Zhangxiang Cheng scite author profile

To take full advantage of sunlight for photomechanical materials, NIR-vis-UV light-responsive actuator films of polymer-dispersed liquid crystal (PDLC)/graphene oxide (GO) nanocomposites were fabricated. The strategy is based on phase transition of LCs from nematic to isotropic phase induced by combination of photochemical and photothermal processes in the PDLC/GO nanocomposites. Upon mechanical stretching of the film, both topological shape change and mesogenic alignment occurred in the separated LC domains, enabling the film to respond to NIR-vis-UV light.
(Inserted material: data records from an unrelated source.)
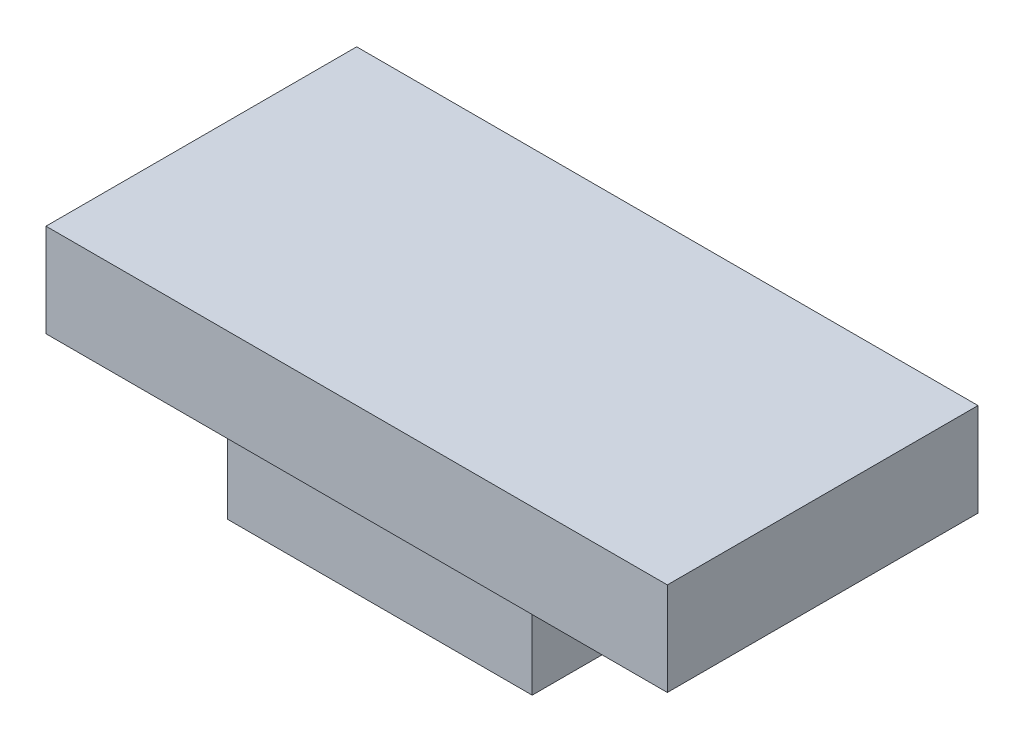
ISO-10303-21;
HEADER;
FILE_DESCRIPTION(('STEP AP214'),'2;1');
FILE_NAME('part.step','',(''),(''),'','','');
FILE_SCHEMA(('AUTOMOTIVE_DESIGN { 1 0 10303 214 1 1 1 1 }'));
ENDSEC;
DATA;
#1=APPLICATION_CONTEXT('core data for automotive mechanical design processes');
#2=APPLICATION_PROTOCOL_DEFINITION('international standard','automotive_design',2000,#1);
#3=PRODUCT_CONTEXT('',#1,'mechanical');
#4=PRODUCT('Part','Part','',(#3));
#5=PRODUCT_RELATED_PRODUCT_CATEGORY('part','',(#4));
#6=PRODUCT_DEFINITION_FORMATION('','',#4);
#7=PRODUCT_DEFINITION_CONTEXT('part definition',#1,'design');
#8=PRODUCT_DEFINITION('design','',#6,#7);
#9=PRODUCT_DEFINITION_SHAPE('','',#8);
#10=(LENGTH_UNIT() NAMED_UNIT(*) SI_UNIT(.MILLI.,.METRE.));
#11=(NAMED_UNIT(*) PLANE_ANGLE_UNIT() SI_UNIT($,.RADIAN.));
#12=(NAMED_UNIT(*) SI_UNIT($,.STERADIAN.) SOLID_ANGLE_UNIT());
#13=UNCERTAINTY_MEASURE_WITH_UNIT(LENGTH_MEASURE(1.E-05),#10,'distance_accuracy_value','');
#14=(GEOMETRIC_REPRESENTATION_CONTEXT(3) GLOBAL_UNCERTAINTY_ASSIGNED_CONTEXT((#13)) GLOBAL_UNIT_ASSIGNED_CONTEXT((#10,
#11,#12)) REPRESENTATION_CONTEXT('',''));
#15=CARTESIAN_POINT('',(0.,0.,0.));
#16=DIRECTION('',(0.,0.,1.));
#17=DIRECTION('',(1.,0.,0.));
#18=AXIS2_PLACEMENT_3D('',#15,#16,#17);
#19=CARTESIAN_POINT('',(0.,0.,0.));
#20=DIRECTION('',(0.,-1.,0.));
#21=DIRECTION('',(0.,0.,-1.));
#22=AXIS2_PLACEMENT_3D('',#19,#20,#21);
#23=PLANE('',#22);
#24=DIRECTION('',(0.,0.,-1.));
#25=VECTOR('',#24,1.);
#26=CARTESIAN_POINT('',(10.,0.,5.));
#27=LINE('',#26,#25);
#28=CARTESIAN_POINT('',(10.,0.,5.));
#29=VERTEX_POINT('',#28);
#30=CARTESIAN_POINT('',(10.,0.,-5.));
#31=VERTEX_POINT('',#30);
#32=EDGE_CURVE('E224',#29,#31,#27,.T.);
#33=ORIENTED_EDGE('',*,*,#32,.F.);
#34=DIRECTION('',(1.,0.,0.));
#35=VECTOR('',#34,1.);
#36=CARTESIAN_POINT('',(-10.,0.,5.));
#37=LINE('',#36,#35);
#38=CARTESIAN_POINT('',(-10.,0.,5.));
#39=VERTEX_POINT('',#38);
#40=EDGE_CURVE('E230',#39,#29,#37,.T.);
#41=ORIENTED_EDGE('',*,*,#40,.F.);
#42=DIRECTION('',(0.,0.,1.));
#43=VECTOR('',#42,1.);
#44=CARTESIAN_POINT('',(-10.,0.,5.));
#45=LINE('',#44,#43);
#46=CARTESIAN_POINT('',(-10.,0.,-5.));
#47=VERTEX_POINT('',#46);
#48=EDGE_CURVE('E246',#47,#39,#45,.T.);
#49=ORIENTED_EDGE('',*,*,#48,.F.);
#50=DIRECTION('',(-1.,0.,0.));
#51=VECTOR('',#50,1.);
#52=CARTESIAN_POINT('',(-10.,0.,-5.));
#53=LINE('',#52,#51);
#54=EDGE_CURVE('E243',#31,#47,#53,.T.);
#55=ORIENTED_EDGE('',*,*,#54,.F.);
#56=EDGE_LOOP('',(#33,#41,#49,#55));
#57=FACE_BOUND('',#56,.T.);
#58=DIRECTION('',(-1.,0.,0.));
#59=VECTOR('',#58,1.);
#60=CARTESIAN_POINT('',(-4.9,0.,4.25));
#61=LINE('',#60,#59);
#62=CARTESIAN_POINT('',(4.9,0.,4.25));
#63=VERTEX_POINT('',#62);
#64=CARTESIAN_POINT('',(-4.9,0.,4.25));
#65=VERTEX_POINT('',#64);
#66=EDGE_CURVE('E204',#63,#65,#61,.T.);
#67=ORIENTED_EDGE('',*,*,#66,.F.);
#68=DIRECTION('',(0.,0.,1.));
#69=VECTOR('',#68,1.);
#70=CARTESIAN_POINT('',(4.9,0.,-4.25));
#71=LINE('',#70,#69);
#72=CARTESIAN_POINT('',(4.9,0.,-4.25));
#73=VERTEX_POINT('',#72);
#74=EDGE_CURVE('E154',#73,#63,#71,.T.);
#75=ORIENTED_EDGE('',*,*,#74,.F.);
#76=DIRECTION('',(1.,0.,0.));
#77=VECTOR('',#76,1.);
#78=CARTESIAN_POINT('',(-4.9,0.,-4.25));
#79=LINE('',#78,#77);
#80=CARTESIAN_POINT('',(-4.9,0.,-4.25));
#81=VERTEX_POINT('',#80);
#82=EDGE_CURVE('E191',#81,#73,#79,.T.);
#83=ORIENTED_EDGE('',*,*,#82,.F.);
#84=DIRECTION('',(0.,0.,-1.));
#85=VECTOR('',#84,1.);
#86=CARTESIAN_POINT('',(-4.9,0.,-4.25));
#87=LINE('',#86,#85);
#88=EDGE_CURVE('E207',#65,#81,#87,.T.);
#89=ORIENTED_EDGE('',*,*,#88,.F.);
#90=EDGE_LOOP('',(#67,#75,#83,#89));
#91=FACE_BOUND('',#90,.T.);
#92=ADVANCED_FACE('F43',(#57,#91),#23,.T.);
#93=CARTESIAN_POINT('',(10.,3.,5.));
#94=DIRECTION('',(-1.,0.,0.));
#95=DIRECTION('',(0.,0.,1.));
#96=AXIS2_PLACEMENT_3D('',#93,#94,#95);
#97=PLANE('',#96);
#98=ORIENTED_EDGE('',*,*,#32,.T.);
#99=DIRECTION('',(0.,-1.,0.));
#100=VECTOR('',#99,1.);
#101=CARTESIAN_POINT('',(10.,3.,-5.));
#102=LINE('',#101,#100);
#103=CARTESIAN_POINT('',(10.,3.,-5.));
#104=VERTEX_POINT('',#103);
#105=EDGE_CURVE('E11',#104,#31,#102,.T.);
#106=ORIENTED_EDGE('',*,*,#105,.F.);
#107=DIRECTION('',(0.,0.,-1.));
#108=VECTOR('',#107,1.);
#109=CARTESIAN_POINT('',(10.,3.,5.));
#110=LINE('',#109,#108);
#111=CARTESIAN_POINT('',(10.,3.,5.));
#112=VERTEX_POINT('',#111);
#113=EDGE_CURVE('E225',#112,#104,#110,.T.);
#114=ORIENTED_EDGE('',*,*,#113,.F.);
#115=DIRECTION('',(0.,-1.,0.));
#116=VECTOR('',#115,1.);
#117=CARTESIAN_POINT('',(10.,3.,5.));
#118=LINE('',#117,#116);
#119=EDGE_CURVE('E239',#112,#29,#118,.T.);
#120=ORIENTED_EDGE('',*,*,#119,.T.);
#121=EDGE_LOOP('',(#98,#106,#114,#120));
#122=FACE_BOUND('',#121,.T.);
#123=ADVANCED_FACE('F45',(#122),#97,.F.);
#124=CARTESIAN_POINT('',(-10.,3.,-5.));
#125=DIRECTION('',(0.,0.,1.));
#126=DIRECTION('',(1.,0.,0.));
#127=AXIS2_PLACEMENT_3D('',#124,#125,#126);
#128=PLANE('',#127);
#129=ORIENTED_EDGE('',*,*,#54,.T.);
#130=DIRECTION('',(0.,-1.,0.));
#131=VECTOR('',#130,1.);
#132=CARTESIAN_POINT('',(-10.,3.,-5.));
#133=LINE('',#132,#131);
#134=CARTESIAN_POINT('',(-10.,3.,-5.));
#135=VERTEX_POINT('',#134);
#136=EDGE_CURVE('E52',#135,#47,#133,.T.);
#137=ORIENTED_EDGE('',*,*,#136,.F.);
#138=DIRECTION('',(-1.,0.,0.));
#139=VECTOR('',#138,1.);
#140=CARTESIAN_POINT('',(-10.,3.,-5.));
#141=LINE('',#140,#139);
#142=EDGE_CURVE('E229',#104,#135,#141,.T.);
#143=ORIENTED_EDGE('',*,*,#142,.F.);
#144=ORIENTED_EDGE('',*,*,#105,.T.);
#145=EDGE_LOOP('',(#129,#137,#143,#144));
#146=FACE_BOUND('',#145,.T.);
#147=ADVANCED_FACE('F279',(#146),#128,.F.);
#148=CARTESIAN_POINT('',(-10.,3.,5.));
#149=DIRECTION('',(1.,0.,0.));
#150=DIRECTION('',(0.,0.,-1.));
#151=AXIS2_PLACEMENT_3D('',#148,#149,#150);
#152=PLANE('',#151);
#153=ORIENTED_EDGE('',*,*,#48,.T.);
#154=DIRECTION('',(0.,-1.,0.));
#155=VECTOR('',#154,1.);
#156=CARTESIAN_POINT('',(-10.,3.,5.));
#157=LINE('',#156,#155);
#158=CARTESIAN_POINT('',(-10.,3.,5.));
#159=VERTEX_POINT('',#158);
#160=EDGE_CURVE('E254',#159,#39,#157,.T.);
#161=ORIENTED_EDGE('',*,*,#160,.F.);
#162=DIRECTION('',(0.,0.,1.));
#163=VECTOR('',#162,1.);
#164=CARTESIAN_POINT('',(-10.,3.,5.));
#165=LINE('',#164,#163);
#166=EDGE_CURVE('E233',#135,#159,#165,.T.);
#167=ORIENTED_EDGE('',*,*,#166,.F.);
#168=ORIENTED_EDGE('',*,*,#136,.T.);
#169=EDGE_LOOP('',(#153,#161,#167,#168));
#170=FACE_BOUND('',#169,.T.);
#171=ADVANCED_FACE('F263',(#170),#152,.F.);
#172=CARTESIAN_POINT('',(-10.,3.,5.));
#173=DIRECTION('',(0.,0.,-1.));
#174=DIRECTION('',(-1.,0.,0.));
#175=AXIS2_PLACEMENT_3D('',#172,#173,#174);
#176=PLANE('',#175);
#177=ORIENTED_EDGE('',*,*,#40,.T.);
#178=ORIENTED_EDGE('',*,*,#119,.F.);
#179=DIRECTION('',(1.,0.,0.));
#180=VECTOR('',#179,1.);
#181=CARTESIAN_POINT('',(-10.,3.,5.));
#182=LINE('',#181,#180);
#183=EDGE_CURVE('E236',#159,#112,#182,.T.);
#184=ORIENTED_EDGE('',*,*,#183,.F.);
#185=ORIENTED_EDGE('',*,*,#160,.T.);
#186=EDGE_LOOP('',(#177,#178,#184,#185));
#187=FACE_BOUND('',#186,.T.);
#188=ADVANCED_FACE('F272',(#187),#176,.F.);
#189=CARTESIAN_POINT('',(0.,3.,0.));
#190=DIRECTION('',(0.,-1.,0.));
#191=DIRECTION('',(0.,0.,-1.));
#192=AXIS2_PLACEMENT_3D('',#189,#190,#191);
#193=PLANE('',#192);
#194=ORIENTED_EDGE('',*,*,#113,.T.);
#195=ORIENTED_EDGE('',*,*,#142,.T.);
#196=ORIENTED_EDGE('',*,*,#166,.T.);
#197=ORIENTED_EDGE('',*,*,#183,.T.);
#198=EDGE_LOOP('',(#194,#195,#196,#197));
#199=FACE_BOUND('',#198,.T.);
#200=ADVANCED_FACE('F278',(#199),#193,.F.);
#201=CARTESIAN_POINT('',(0.,-3.,0.));
#202=DIRECTION('',(0.,1.,0.));
#203=DIRECTION('',(0.,0.,1.));
#204=AXIS2_PLACEMENT_3D('',#201,#202,#203);
#205=PLANE('',#204);
#206=DIRECTION('',(0.,0.,1.));
#207=VECTOR('',#206,1.);
#208=CARTESIAN_POINT('',(4.9,-3.,-4.25));
#209=LINE('',#208,#207);
#210=CARTESIAN_POINT('',(4.9,-3.,-4.25));
#211=VERTEX_POINT('',#210);
#212=CARTESIAN_POINT('',(4.9,-3.,4.25));
#213=VERTEX_POINT('',#212);
#214=EDGE_CURVE('E186',#211,#213,#209,.T.);
#215=ORIENTED_EDGE('',*,*,#214,.T.);
#216=DIRECTION('',(-1.,0.,0.));
#217=VECTOR('',#216,1.);
#218=CARTESIAN_POINT('',(-4.9,-3.,4.25));
#219=LINE('',#218,#217);
#220=CARTESIAN_POINT('',(-4.9,-3.,4.25));
#221=VERTEX_POINT('',#220);
#222=EDGE_CURVE('E190',#213,#221,#219,.T.);
#223=ORIENTED_EDGE('',*,*,#222,.T.);
#224=DIRECTION('',(0.,0.,-1.));
#225=VECTOR('',#224,1.);
#226=CARTESIAN_POINT('',(-4.9,-3.,-4.25));
#227=LINE('',#226,#225);
#228=CARTESIAN_POINT('',(-4.9,-3.,-4.25));
#229=VERTEX_POINT('',#228);
#230=EDGE_CURVE('E194',#221,#229,#227,.T.);
#231=ORIENTED_EDGE('',*,*,#230,.T.);
#232=DIRECTION('',(1.,0.,0.));
#233=VECTOR('',#232,1.);
#234=CARTESIAN_POINT('',(-4.9,-3.,-4.25));
#235=LINE('',#234,#233);
#236=EDGE_CURVE('E197',#229,#211,#235,.T.);
#237=ORIENTED_EDGE('',*,*,#236,.T.);
#238=EDGE_LOOP('',(#215,#223,#231,#237));
#239=FACE_BOUND('',#238,.T.);
#240=DIRECTION('',(0.,0.,1.));
#241=VECTOR('',#240,1.);
#242=CARTESIAN_POINT('',(2.9,-3.,-2.25));
#243=LINE('',#242,#241);
#244=CARTESIAN_POINT('',(2.9,-3.,-2.25));
#245=VERTEX_POINT('',#244);
#246=CARTESIAN_POINT('',(2.9,-3.,2.25));
#247=VERTEX_POINT('',#246);
#248=EDGE_CURVE('E135',#245,#247,#243,.T.);
#249=ORIENTED_EDGE('',*,*,#248,.F.);
#250=DIRECTION('',(1.,0.,0.));
#251=VECTOR('',#250,1.);
#252=CARTESIAN_POINT('',(-2.9,-3.,-2.25));
#253=LINE('',#252,#251);
#254=CARTESIAN_POINT('',(-2.9,-3.,-2.25));
#255=VERTEX_POINT('',#254);
#256=EDGE_CURVE('E164',#255,#245,#253,.T.);
#257=ORIENTED_EDGE('',*,*,#256,.F.);
#258=DIRECTION('',(0.,0.,-1.));
#259=VECTOR('',#258,1.);
#260=CARTESIAN_POINT('',(-2.9,-3.,-2.25));
#261=LINE('',#260,#259);
#262=CARTESIAN_POINT('',(-2.9,-3.,2.25));
#263=VERTEX_POINT('',#262);
#264=EDGE_CURVE('E160',#263,#255,#261,.T.);
#265=ORIENTED_EDGE('',*,*,#264,.F.);
#266=DIRECTION('',(-1.,0.,0.));
#267=VECTOR('',#266,1.);
#268=CARTESIAN_POINT('',(-2.9,-3.,2.25));
#269=LINE('',#268,#267);
#270=EDGE_CURVE('E145',#247,#263,#269,.T.);
#271=ORIENTED_EDGE('',*,*,#270,.F.);
#272=EDGE_LOOP('',(#249,#257,#265,#271));
#273=FACE_BOUND('',#272,.T.);
#274=ADVANCED_FACE('F158',(#239,#273),#205,.F.);
#275=CARTESIAN_POINT('',(4.9,-3.,-4.25));
#276=DIRECTION('',(-1.,0.,0.));
#277=DIRECTION('',(0.,0.,1.));
#278=AXIS2_PLACEMENT_3D('',#275,#276,#277);
#279=PLANE('',#278);
#280=ORIENTED_EDGE('',*,*,#74,.T.);
#281=DIRECTION('',(0.,1.,0.));
#282=VECTOR('',#281,1.);
#283=CARTESIAN_POINT('',(4.9,-3.,4.25));
#284=LINE('',#283,#282);
#285=EDGE_CURVE('E221',#213,#63,#284,.T.);
#286=ORIENTED_EDGE('',*,*,#285,.F.);
#287=ORIENTED_EDGE('',*,*,#214,.F.);
#288=DIRECTION('',(0.,1.,0.));
#289=VECTOR('',#288,1.);
#290=CARTESIAN_POINT('',(4.9,-3.,-4.25));
#291=LINE('',#290,#289);
#292=EDGE_CURVE('E200',#211,#73,#291,.T.);
#293=ORIENTED_EDGE('',*,*,#292,.T.);
#294=EDGE_LOOP('',(#280,#286,#287,#293));
#295=FACE_BOUND('',#294,.T.);
#296=ADVANCED_FACE('F315',(#295),#279,.F.);
#297=CARTESIAN_POINT('',(-4.9,-3.,4.25));
#298=DIRECTION('',(0.,0.,-1.));
#299=DIRECTION('',(-1.,0.,0.));
#300=AXIS2_PLACEMENT_3D('',#297,#298,#299);
#301=PLANE('',#300);
#302=ORIENTED_EDGE('',*,*,#66,.T.);
#303=DIRECTION('',(0.,1.,0.));
#304=VECTOR('',#303,1.);
#305=CARTESIAN_POINT('',(-4.9,-3.,4.25));
#306=LINE('',#305,#304);
#307=EDGE_CURVE('E217',#221,#65,#306,.T.);
#308=ORIENTED_EDGE('',*,*,#307,.F.);
#309=ORIENTED_EDGE('',*,*,#222,.F.);
#310=ORIENTED_EDGE('',*,*,#285,.T.);
#311=EDGE_LOOP('',(#302,#308,#309,#310));
#312=FACE_BOUND('',#311,.T.);
#313=ADVANCED_FACE('F322',(#312),#301,.F.);
#314=CARTESIAN_POINT('',(-4.9,-3.,-4.25));
#315=DIRECTION('',(1.,0.,0.));
#316=DIRECTION('',(0.,0.,-1.));
#317=AXIS2_PLACEMENT_3D('',#314,#315,#316);
#318=PLANE('',#317);
#319=ORIENTED_EDGE('',*,*,#88,.T.);
#320=DIRECTION('',(0.,1.,0.));
#321=VECTOR('',#320,1.);
#322=CARTESIAN_POINT('',(-4.9,-3.,-4.25));
#323=LINE('',#322,#321);
#324=EDGE_CURVE('E59',#229,#81,#323,.T.);
#325=ORIENTED_EDGE('',*,*,#324,.F.);
#326=ORIENTED_EDGE('',*,*,#230,.F.);
#327=ORIENTED_EDGE('',*,*,#307,.T.);
#328=EDGE_LOOP('',(#319,#325,#326,#327));
#329=FACE_BOUND('',#328,.T.);
#330=ADVANCED_FACE('F319',(#329),#318,.F.);
#331=CARTESIAN_POINT('',(-4.9,-3.,-4.25));
#332=DIRECTION('',(0.,0.,1.));
#333=DIRECTION('',(1.,0.,0.));
#334=AXIS2_PLACEMENT_3D('',#331,#332,#333);
#335=PLANE('',#334);
#336=ORIENTED_EDGE('',*,*,#82,.T.);
#337=ORIENTED_EDGE('',*,*,#292,.F.);
#338=ORIENTED_EDGE('',*,*,#236,.F.);
#339=ORIENTED_EDGE('',*,*,#324,.T.);
#340=EDGE_LOOP('',(#336,#337,#338,#339));
#341=FACE_BOUND('',#340,.T.);
#342=ADVANCED_FACE('F312',(#341),#335,.F.);
#343=CARTESIAN_POINT('',(2.9,-3.,-2.25));
#344=DIRECTION('',(-1.,0.,0.));
#345=DIRECTION('',(0.,0.,1.));
#346=AXIS2_PLACEMENT_3D('',#343,#344,#345);
#347=PLANE('',#346);
#348=DIRECTION('',(0.,0.,1.));
#349=VECTOR('',#348,1.);
#350=CARTESIAN_POINT('',(2.9,0.,-2.25));
#351=LINE('',#350,#349);
#352=CARTESIAN_POINT('',(2.9,0.,-2.25));
#353=VERTEX_POINT('',#352);
#354=CARTESIAN_POINT('',(2.9,0.,2.25));
#355=VERTEX_POINT('',#354);
#356=EDGE_CURVE('E67',#353,#355,#351,.T.);
#357=ORIENTED_EDGE('',*,*,#356,.F.);
#358=DIRECTION('',(0.,1.,0.));
#359=VECTOR('',#358,1.);
#360=CARTESIAN_POINT('',(2.9,-3.,-2.25));
#361=LINE('',#360,#359);
#362=EDGE_CURVE('E140',#245,#353,#361,.T.);
#363=ORIENTED_EDGE('',*,*,#362,.F.);
#364=ORIENTED_EDGE('',*,*,#248,.T.);
#365=DIRECTION('',(0.,1.,0.));
#366=VECTOR('',#365,1.);
#367=CARTESIAN_POINT('',(2.9,-3.,2.25));
#368=LINE('',#367,#366);
#369=EDGE_CURVE('E138',#247,#355,#368,.T.);
#370=ORIENTED_EDGE('',*,*,#369,.T.);
#371=EDGE_LOOP('',(#357,#363,#364,#370));
#372=FACE_BOUND('',#371,.T.);
#373=ADVANCED_FACE('F137',(#372),#347,.T.);
#374=CARTESIAN_POINT('',(-2.9,-3.,2.25));
#375=DIRECTION('',(0.,0.,-1.));
#376=DIRECTION('',(-1.,0.,0.));
#377=AXIS2_PLACEMENT_3D('',#374,#375,#376);
#378=PLANE('',#377);
#379=DIRECTION('',(-1.,0.,0.));
#380=VECTOR('',#379,1.);
#381=CARTESIAN_POINT('',(-2.9,0.,2.25));
#382=LINE('',#381,#380);
#383=CARTESIAN_POINT('',(-2.9,0.,2.25));
#384=VERTEX_POINT('',#383);
#385=EDGE_CURVE('E152',#355,#384,#382,.T.);
#386=ORIENTED_EDGE('',*,*,#385,.F.);
#387=ORIENTED_EDGE('',*,*,#369,.F.);
#388=ORIENTED_EDGE('',*,*,#270,.T.);
#389=DIRECTION('',(0.,1.,0.));
#390=VECTOR('',#389,1.);
#391=CARTESIAN_POINT('',(-2.9,-3.,2.25));
#392=LINE('',#391,#390);
#393=EDGE_CURVE('E155',#263,#384,#392,.T.);
#394=ORIENTED_EDGE('',*,*,#393,.T.);
#395=EDGE_LOOP('',(#386,#387,#388,#394));
#396=FACE_BOUND('',#395,.T.);
#397=ADVANCED_FACE('F149',(#396),#378,.T.);
#398=CARTESIAN_POINT('',(-2.9,-3.,-2.25));
#399=DIRECTION('',(1.,0.,0.));
#400=DIRECTION('',(0.,0.,-1.));
#401=AXIS2_PLACEMENT_3D('',#398,#399,#400);
#402=PLANE('',#401);
#403=DIRECTION('',(0.,0.,-1.));
#404=VECTOR('',#403,1.);
#405=CARTESIAN_POINT('',(-2.9,0.,-2.25));
#406=LINE('',#405,#404);
#407=CARTESIAN_POINT('',(-2.9,0.,-2.25));
#408=VERTEX_POINT('',#407);
#409=EDGE_CURVE('E173',#384,#408,#406,.T.);
#410=ORIENTED_EDGE('',*,*,#409,.F.);
#411=ORIENTED_EDGE('',*,*,#393,.F.);
#412=ORIENTED_EDGE('',*,*,#264,.T.);
#413=DIRECTION('',(0.,1.,0.));
#414=VECTOR('',#413,1.);
#415=CARTESIAN_POINT('',(-2.9,-3.,-2.25));
#416=LINE('',#415,#414);
#417=EDGE_CURVE('E180',#255,#408,#416,.T.);
#418=ORIENTED_EDGE('',*,*,#417,.T.);
#419=EDGE_LOOP('',(#410,#411,#412,#418));
#420=FACE_BOUND('',#419,.T.);
#421=ADVANCED_FACE('F298',(#420),#402,.T.);
#422=CARTESIAN_POINT('',(-2.9,-3.,-2.25));
#423=DIRECTION('',(0.,0.,1.));
#424=DIRECTION('',(1.,0.,0.));
#425=AXIS2_PLACEMENT_3D('',#422,#423,#424);
#426=PLANE('',#425);
#427=DIRECTION('',(1.,0.,0.));
#428=VECTOR('',#427,1.);
#429=CARTESIAN_POINT('',(-2.9,0.,-2.25));
#430=LINE('',#429,#428);
#431=EDGE_CURVE('E146',#408,#353,#430,.T.);
#432=ORIENTED_EDGE('',*,*,#431,.F.);
#433=ORIENTED_EDGE('',*,*,#417,.F.);
#434=ORIENTED_EDGE('',*,*,#256,.T.);
#435=ORIENTED_EDGE('',*,*,#362,.T.);
#436=EDGE_LOOP('',(#432,#433,#434,#435));
#437=FACE_BOUND('',#436,.T.);
#438=ADVANCED_FACE('F294',(#437),#426,.T.);
#439=ORIENTED_EDGE('',*,*,#356,.T.);
#440=ORIENTED_EDGE('',*,*,#385,.T.);
#441=ORIENTED_EDGE('',*,*,#409,.T.);
#442=ORIENTED_EDGE('',*,*,#431,.T.);
#443=EDGE_LOOP('',(#439,#440,#441,#442));
#444=FACE_BOUND('',#443,.T.);
#445=ADVANCED_FACE('F288',(#444),#23,.T.);
#446=CLOSED_SHELL('',(#92,#123,#147,#171,#188,#200,#274,#296,#313,#330,#342,#373,#397,#421,#438,#445));
#447=MANIFOLD_SOLID_BREP('B2',#446);
#448=ADVANCED_BREP_SHAPE_REPRESENTATION('',(#18,#447),#14);
#449=SHAPE_DEFINITION_REPRESENTATION(#9,#448);
ENDSEC;
END-ISO-10303-21;

The homodispersed GO flakes act as photoabsorbent and nanoscale heat source to transfer NIR or VIS light into thermal energy, heating the film and photothermally inducing phase transition of LC microdomains. By utilizing photochemical phase transition of LCs upon UV-light irradiation, one azobenzene dye was incorporated into the LC domains, endowing the nanocomposite films with UV-responsive property. Moreover, the light-responsive behaviors can be well-controlled by adjusting the elongation ratio upon mechanical treatment. The NIR-vis-UV light-responsive PDLC/GO nanocomposite films exhibit excellent properties of easy fabrication, low-cost, and good film-forming and mechanical features, promising their numerous applications in the field of soft actuators and optomechanical systems driven directly by sunlight.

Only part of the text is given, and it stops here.